• **Provided information**:
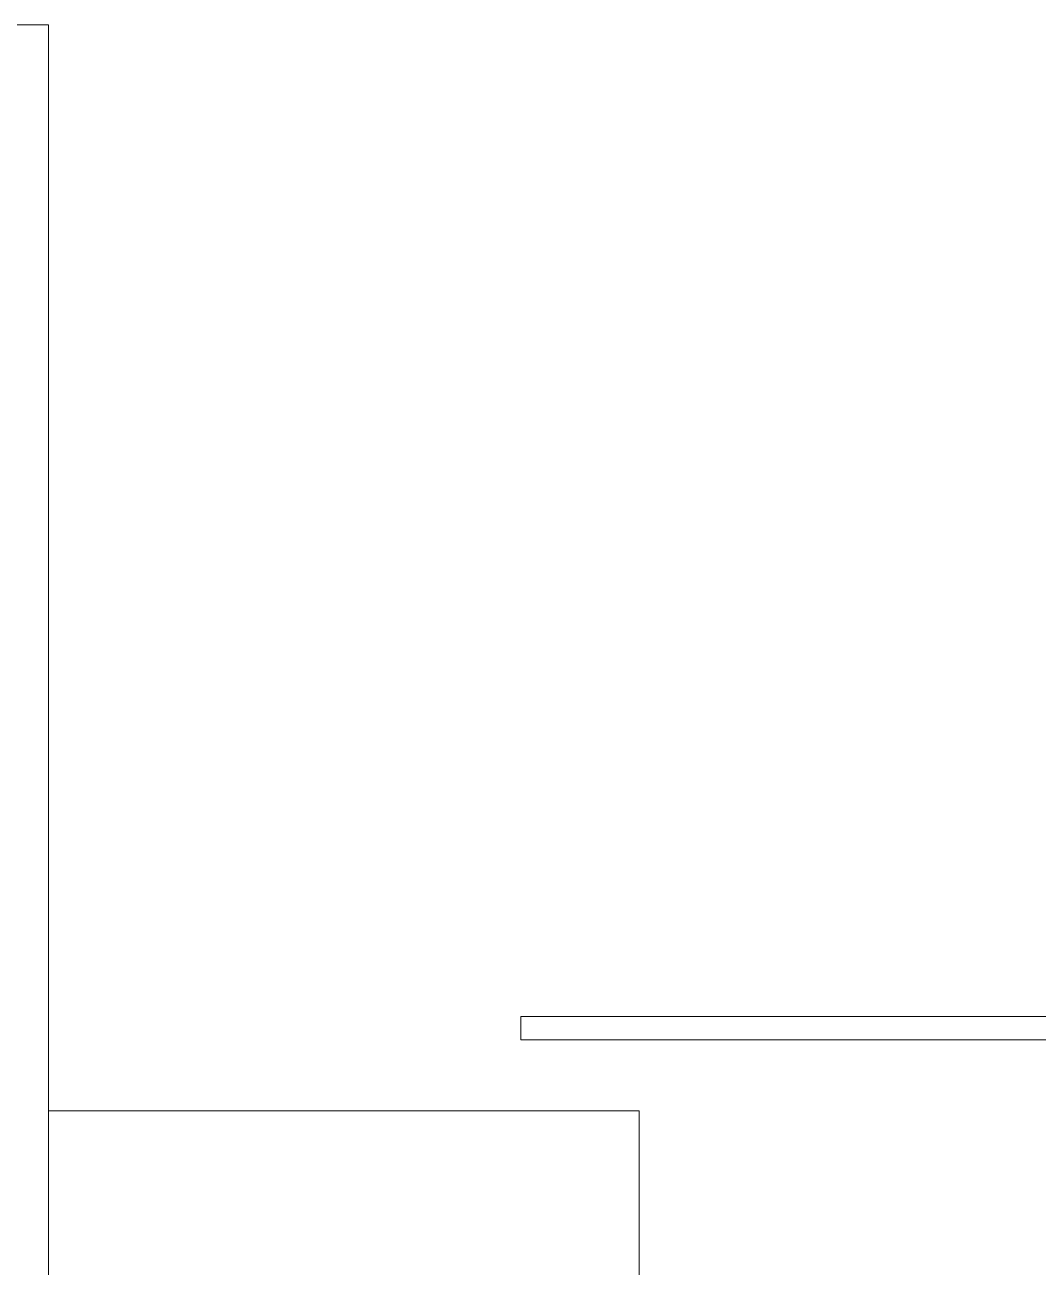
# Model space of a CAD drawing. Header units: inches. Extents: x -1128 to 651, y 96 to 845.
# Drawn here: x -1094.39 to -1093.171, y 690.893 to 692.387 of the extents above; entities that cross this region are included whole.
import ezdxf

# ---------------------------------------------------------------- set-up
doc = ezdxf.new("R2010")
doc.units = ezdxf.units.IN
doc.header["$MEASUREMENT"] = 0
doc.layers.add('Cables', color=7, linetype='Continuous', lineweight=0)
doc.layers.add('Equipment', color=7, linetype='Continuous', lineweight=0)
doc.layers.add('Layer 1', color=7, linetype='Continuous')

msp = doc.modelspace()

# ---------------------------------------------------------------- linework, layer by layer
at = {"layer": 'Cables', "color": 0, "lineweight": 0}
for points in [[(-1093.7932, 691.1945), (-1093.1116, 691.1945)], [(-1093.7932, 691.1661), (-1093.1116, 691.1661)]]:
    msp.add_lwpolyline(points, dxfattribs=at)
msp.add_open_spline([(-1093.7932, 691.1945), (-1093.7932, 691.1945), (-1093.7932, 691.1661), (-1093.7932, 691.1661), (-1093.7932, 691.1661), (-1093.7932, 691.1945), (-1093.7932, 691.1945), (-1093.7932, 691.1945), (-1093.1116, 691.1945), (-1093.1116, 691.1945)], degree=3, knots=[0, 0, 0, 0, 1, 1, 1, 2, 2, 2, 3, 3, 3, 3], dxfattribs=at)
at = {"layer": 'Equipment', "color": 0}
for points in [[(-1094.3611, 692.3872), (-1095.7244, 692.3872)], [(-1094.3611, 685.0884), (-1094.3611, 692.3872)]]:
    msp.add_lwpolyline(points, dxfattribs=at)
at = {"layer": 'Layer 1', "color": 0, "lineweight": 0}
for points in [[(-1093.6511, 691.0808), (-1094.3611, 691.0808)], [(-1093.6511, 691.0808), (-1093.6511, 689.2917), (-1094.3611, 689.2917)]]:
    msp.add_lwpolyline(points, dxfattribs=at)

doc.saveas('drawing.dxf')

• **What is needed**:
An exact copy of all entries is needed, with no pictures in it.

• **Exercise output**:
# Model space of a CAD drawing. Header units: inches. Extents: x -1128 to 651, y 96 to 845.
# Drawn here: x -1094.39 to -1093.171, y 690.893 to 692.387 of the extents above; entities that cross this region are included whole.
import ezdxf

# ---------------------------------------------------------------- set-up
doc = ezdxf.new("R2010")
doc.units = ezdxf.units.IN
doc.header["$MEASUREMENT"] = 0
doc.layers.add('Cables', color=7, linetype='Continuous', lineweight=0)
doc.layers.add('Equipment', color=7, linetype='Continuous', lineweight=0)
doc.layers.add('Layer 1', color=7, linetype='Continuous')

msp = doc.modelspace()

# ---------------------------------------------------------------- linework, layer by layer
at = {"layer": 'Cables', "color": 0, "lineweight": 0}
for points in [[(-1093.7932, 691.1945), (-1093.1116, 691.1945)], [(-1093.7932, 691.1661), (-1093.1116, 691.1661)]]:
    msp.add_lwpolyline(points, dxfattribs=at)
msp.add_open_spline([(-1093.7932, 691.1945), (-1093.7932, 691.1945), (-1093.7932, 691.1661), (-1093.7932, 691.1661), (-1093.7932, 691.1661), (-1093.7932, 691.1945), (-1093.7932, 691.1945), (-1093.7932, 691.1945), (-1093.1116, 691.1945), (-1093.1116, 691.1945)], degree=3, knots=[0, 0, 0, 0, 1, 1, 1, 2, 2, 2, 3, 3, 3, 3], dxfattribs=at)
at = {"layer": 'Equipment', "color": 0}
for points in [[(-1094.3611, 692.3872), (-1095.7244, 692.3872)], [(-1094.3611, 685.0884), (-1094.3611, 692.3872)]]:
    msp.add_lwpolyline(points, dxfattribs=at)
at = {"layer": 'Layer 1', "color": 0, "lineweight": 0}
for points in [[(-1093.6511, 691.0808), (-1094.3611, 691.0808)], [(-1093.6511, 691.0808), (-1093.6511, 689.2917), (-1094.3611, 689.2917)]]:
    msp.add_lwpolyline(points, dxfattribs=at)

doc.saveas('drawing.dxf')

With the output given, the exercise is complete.